To utilize this class, the transform() function must be defined as a method within a class that inherits from Progress within the operator module. For example:

import tomviz.operators

class MyCancelableOperator(tomviz.operators.CancelableOperator):
    def transform(self, dataset, ...):
        while not self.canceled:
            # Do work

Note how self.canceled is checked in order to determine whether the operator was canceled or not. If it was canceled, the transform() function should abort.

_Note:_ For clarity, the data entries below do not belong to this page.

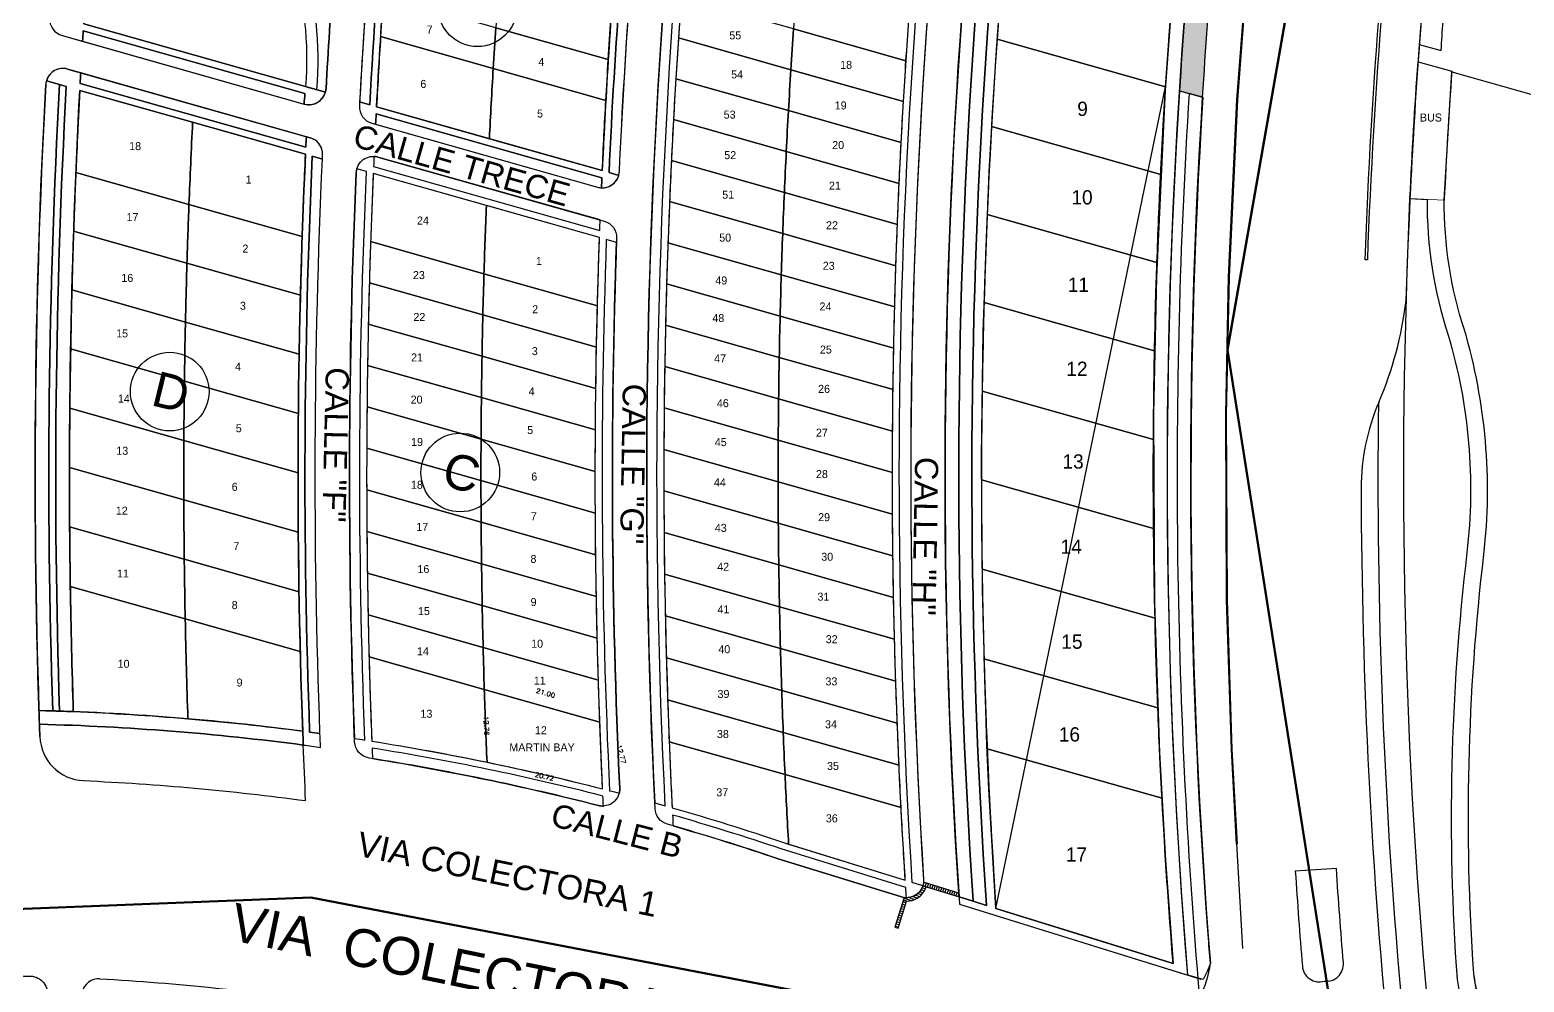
# Model space of a CAD drawing. Header units: millimetres. Extents: x 547073 to 557369, y 9424164 to 9429566.
# Drawn here: x 548681.1 to 548942.6, y 9427758.9 to 9427925.7 of the extents above; entities that cross this region are included whole.
import ezdxf

# ---------------------------------------------------------------- set-up
doc = ezdxf.new("R2010")
doc.units = ezdxf.units.MM
doc.layers.add('--- HATCH VEREDAS', color=7, linetype='Continuous', lineweight=25, true_color=0xb4b4b4)
doc.layers.add('vereda', color=7, linetype='Continuous', lineweight=25, true_color=0xb4b4b4)
for name, color, linetype in [('--- VIAS', 9, 'Continuous'), ('lotes verdes', 84, 'Continuous'), ('MANZANA', 4, 'Continuous'), ('NUMERACION', 1, 'Continuous'), ('SARDINEL', 130, 'Continuous'), ('TEXTO-CATASTRO', 12, 'Continuous'), ('trazado vias 2', 9, 'Continuous'), ('VEREDAS PP', 9, 'Continuous')]:
    doc.layers.add(name, color=color, linetype=linetype)
for name, color, linetype, lineweight in [('COMERCIO VECINAL', 30, 'Continuous', 13), ('MANZANAS', 1, 'Continuous', 30), ('MB_TEXTO', 7, 'Continuous', 20), ('medidas lotes', 7, 'Continuous', 13), ('polilinea lote', 201, 'Continuous', 25), ('SARDSU', 34, 'Continuous', 25), ('trazado manzanas', 6, 'Continuous', 25), ('VEREDAS', 140, 'Continuous', 20)]:
    doc.layers.add(name, color=color, linetype=linetype, lineweight=lineweight)
doc.styles.add('COTAS', font='arial.ttf')
doc.styles.add('KBYOZ', font='micross.ttf')
doc.styles.add('ROMANS', font='romans.shx', dxfattribs={"width": 1.1})
doc.dimstyles.new('COTAS', dxfattribs={"dimtxt": 0.8, "dimasz": 2.5, "dimexe": 1.25, "dimexo": 0.625, "dimtad": 1, "dimzin": 0, "dimdsep": 46, "dimtxsty": 'ROMANS', "dimblk1": 'NONE', "dimblk2": 'NONE', "dimsah": 1, "dimcen": 0, "dimse1": 1, "dimse2": 1, "dimsd1": 1, "dimsd2": 1, "dimaunit": 1, "dimadec": 0, "dimazin": 0, "dimtfac": 1, "dimtofl": 0, "dimtmove": 0, "dimatfit": 3, "dimldrblk": 'NONE', "dimfxl": 1, "dimtolj": 1, "dimtzin": 0, "dimarcsym": 0})

# ---------------------------------------------------------------- blocks, each defined once
blk = doc.blocks.new('*D95')
at = {"layer": 'Defpoints', "color": 0, "lineweight": 70, "transparency": 16777216}
for p in [(548780.84, 9427804.48), (548783.95, 9427792.1), (548785.16, 9427792.4)]:
    blk.add_point(p, dxfattribs=at)
at = {"color": 0, "lineweight": 18, "transparency": 16777216, "insert": (548784.6, 9427798.84), "char_height": 0.8, "attachment_point": 5, "rotation": 284.1215, "style": 'ROMANS'}
blk.add_mtext('\\A1;12.77', dxfattribs=at)
blk = doc.blocks.new('_None')
blk = doc.blocks.new('*D96')
at = {"layer": 'Defpoints', "color": 0, "lineweight": 70, "transparency": 16777216}
for p in [(548760.63, 9427810.21), (548781.19, 9427805.71), (548780.84, 9427804.48)]:
    blk.add_point(p, dxfattribs=at)
at = {"color": 0, "lineweight": 18, "transparency": 16777216, "insert": (548771.36, 9427809.56), "char_height": 0.8, "attachment_point": 5, "rotation": 344.1757, "style": 'ROMANS'}
blk.add_mtext('\\A1;21.00', dxfattribs=at)
blk = doc.blocks.new('*D97')
at = {"layer": 'Defpoints', "color": 0, "lineweight": 70, "transparency": 16777216}
for p in [(548759.74, 9427810.17), (548760.63, 9427810.21), (548761.1, 9427797.46)]:
    blk.add_point(p, dxfattribs=at)
at = {"color": 0, "lineweight": 18, "transparency": 16777216, "insert": (548761, 9427803.84), "char_height": 0.8, "attachment_point": 5, "rotation": 272.1095, "style": 'ROMANS'}
blk.add_mtext('\\A1;12.76', dxfattribs=at)
blk = doc.blocks.new('*D98')
at = {"layer": 'Defpoints', "color": 0, "lineweight": 70, "transparency": 16777216}
for p in [(548761.1, 9427797.46), (548781.28, 9427792.79), (548781.01, 9427791.62)]:
    blk.add_point(p, dxfattribs=at)
at = {"color": 0, "lineweight": 18, "transparency": 16777216, "insert": (548771.15, 9427794.95), "char_height": 0.8, "attachment_point": 5, "rotation": 346.9793, "style": 'ROMANS'}
blk.add_mtext('\\A1;20.72', dxfattribs=at)

msp = doc.modelspace()

# ---------------------------------------------------------------- hatches: boundary and pattern name
at = {"layer": 'trazado vias 2'}
h = msp.add_hatch(dxfattribs=at)
h.set_pattern_fill('_USER', color=256, scale=0.4, angle=340.01637, pattern_type=0)
h.set_pattern_definition([(340.01637, (548109.05898, 9427401.0043), (0.13670066, 0.37591612), [])])
edge = h.paths.add_edge_path()
edge.add_line((548837.931, 9427775.656), (548837.358, 9427775.834))
edge.add_arc((548834.493, 9427776.724), 3, 262.35121, 342.74421, ccw=False)
edge.add_line((548834.093, 9427773.751), (548833.954, 9427773.302))
edge.add_line((548833.954, 9427773.302), (548834.527, 9427773.124))
edge.add_arc((548834.493, 9427776.724), 3.6, 270.54696, 300.9339)
edge.add_arc((548834.493, 9427776.724), 3.6, 300.9339, 342.74421)
h = msp.add_hatch(dxfattribs=at)
h.set_pattern_fill('_USER', color=256, scale=0.4, angle=70.01637, pattern_type=0)
h.set_pattern_definition([(70.01637, (548109.05898, 9427401.0043), (-0.37591612, 0.13670066), [])])
edge = h.paths.add_edge_path()
edge.add_arc((548834.493, 9427776.724), 3, 342.74421, 354.28117, ccw=False)
edge.add_line((548837.358, 9427775.834), (548837.931, 9427775.656))
edge.add_line((548837.931, 9427775.656), (548843.698, 9427773.865))
edge.add_arc((549948.398, 9427847.575), 1107.156, 183.784087, 183.817359, ccw=False)
edge.add_line((548843.656, 9427774.506), (548837.478, 9427776.425))
h = msp.add_hatch(dxfattribs=at)
h.set_pattern_fill('_USER', color=256, scale=0.4, angle=170.01637, pattern_type=0)
h.set_pattern_definition([(170.01637, (548109.05898, 9427401.0043), (-0.06934672, -0.39394293), [])])
h.paths.add_polyline_path([(548834.527, 9427773.124), (548833.954, 9427773.302), (548832.479, 9427768.554), (548833.052, 9427768.376)])
at = {"layer": 'VEREDAS'}
h = msp.add_hatch(color=256, dxfattribs=at)
h.dxf.hatch_style = 1
h.paths.add_polyline_path([(548888.177, 9427939.273), (548884.095, 9427940.433), (548883.117, 9427928.39), (548882.162, 9427914.947), (548886.286, 9427913.795)])

# ---------------------------------------------------------------- linework, layer by layer
at = {"layer": '--- HATCH VEREDAS', "lineweight": 15, "elevation": 35.757}
msp.add_lwpolyline([(548928.91, 9427932.184), (548924.96, 9427932.512, 0.0022967), (548924.223, 9427923.106), (548928.047, 9427922.046, -0.0168189)], format="xyb", close=True, dxfattribs=at)
at = {"layer": '--- HATCH VEREDAS', "lineweight": 15}
msp.add_lwpolyline([(548929.906, 9427918.466), (548924.006, 9427920.101, 0.0058388), (548922.592, 9427896.159), (548928.585, 9427895.875, -0.0055413)], format="xyb", close=True, dxfattribs=at)
at = {"layer": '--- VIAS'}
msp.add_lwpolyline([(548915.134, 9427885.401), (548914.734, 9427885.415, -0.021837), (548921.974, 9427975.431), (548922.371, 9427975.381, 0.021837)], format="xyb", close=True, dxfattribs=at)
at = {"color": 1, "lineweight": 80}
msp.add_lwpolyline([(548480.78, 9427743.947), (548616.569, 9427769.27), (548730.272, 9427773.763), (548875.766, 9427745.772), (548913.241, 9427725.812), (548890.672, 9427869.652), (548907.944, 9427968.333), (548938.504, 9428129.041), (548970.223, 9428218.903), (549016.937, 9428307.396), (549033.801, 9428339.343), (548556.155, 9428465.543), (548592.047, 9428236.593), (548494.265, 9427967.646), (548480.78, 9427743.947)], dxfattribs=at)
for points in [[(548879.839, 9427915.698), (548850.341, 9427924.058, 0.0344872), (548850.148, 9427771.862)], [(548886.352, 9427913.863, 0.0356673), (548887.669, 9427762.239, -0.0372479), (548886.38, 9427759.389), (548883.722, 9427760.183, -0.0362823), (548882.316, 9427915.008)]]:
    msp.add_lwpolyline(points, format="xyb", close=True)
at = {"layer": 'COMERCIO VECINAL'}
msp.add_lwpolyline([(548879.839, 9427915.698), (548850.341, 9427924.058, 0.0344872), (548850.148, 9427771.862)], format="xyb", close=True, dxfattribs=at)
at = {"layer": 'lotes verdes'}
msp.add_lwpolyline([(548735.833, 9427955.474), (548744.647, 9427952.976), (548783.853, 9427941.864, -0.0054419), (548786.181, 9427967.189), (548696.417, 9427992.63, 0.0131244), (548690.53, 9427926.738), (548732.824, 9427914.751, 0.0551658), (548732.933, 9427915.402, -0.0082514)], format="xyb", close=True, dxfattribs=at)
at = {"layer": 'MANZANA', "flags": 128}
for points in [[(548848.911, 9427792.734), (548848.563, 9427800.407), (548847.773, 9427827.637), (548847.606, 9427850.887), (548847.912, 9427872.876), (548848.949, 9427900.899), (548850.158, 9427921.245), (548851.301, 9427936.653)], [(548880.723, 9427928.56), (548879.766, 9427915.089), (548878.212, 9427882.368), (548877.703, 9427858.504), (548877.89, 9427825.363), (548878.783, 9427799.18), (548879.8, 9427780.328), (548881.149, 9427762.232), (548864.46, 9427767.401), (548850.111, 9427771.852), (548848.911, 9427792.734), (548848.563, 9427800.407), (548847.773, 9427827.637), (548847.606, 9427850.887), (548847.912, 9427872.876), (548848.949, 9427900.899), (548850.158, 9427921.245)]]:
    msp.add_lwpolyline(points, dxfattribs=at)
at = {"layer": 'MANZANAS'}
for centre in [(548759.429, 9427929.631), (548705.583, 9427862.339), (548756.423, 9427848.178)]:
    msp.add_circle(centre, 6.888, dxfattribs=at)
at = {"layer": 'medidas lotes', "elevation": 35.757}
msp.add_lwpolyline([(548929.906, 9427918.466), (548924.006, 9427920.101, 0.0058388), (548922.592, 9427896.159), (548928.585, 9427895.875, -0.0055413)], format="xyb", close=True, dxfattribs=at)
at = {"layer": 'medidas lotes'}
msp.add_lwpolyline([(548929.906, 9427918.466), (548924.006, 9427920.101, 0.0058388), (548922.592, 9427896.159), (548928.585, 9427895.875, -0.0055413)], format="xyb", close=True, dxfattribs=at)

This operator may also report progress as well in self.progress. See the generic Operator class for details.

property canceled: bool

returns True if the operator has been canceled, False otherwise.

class tomviz.operators.CompletableOperator(*args, **kwargs)[source]

Bases: CancelableOperator

A completable operator allows a user to interrupt the execution of the operator using either “cancel” or “complete”. The completable property can be used in the transform(…) method to break out when an operator is finished early, like if an iterative algorithm is a reasonable quality before the designated iterations are reached. Use similar to “cancel”, but be sure to return data.

To utilize this class, the transform() function must be defined as a method within a class that inherits from CompletableOperator within the operator module. For example:

import tomviz.operators

class MyCompletableOperator(tomviz.operators.CompletableOperator):
    def transform(self, dataset, ...):
        while True:
            if self.completed:
                # Break out of the iterative loop and return the current
                # results.

Note how self.completed is checked in order to determine whether the operator was completed or not. If completed, the transform function should skip to the end and return the current dataset.

self.canceled may also be used in this operator, since it inherits from CancelableOperator as well.

This operator may also report progress as well in self.progress. See the generic Operator class for details.

property completed: bool

returns True if the operator is early completed (from Button), False otherwise

Note

This API documentation is automatically generated from the source code docstrings.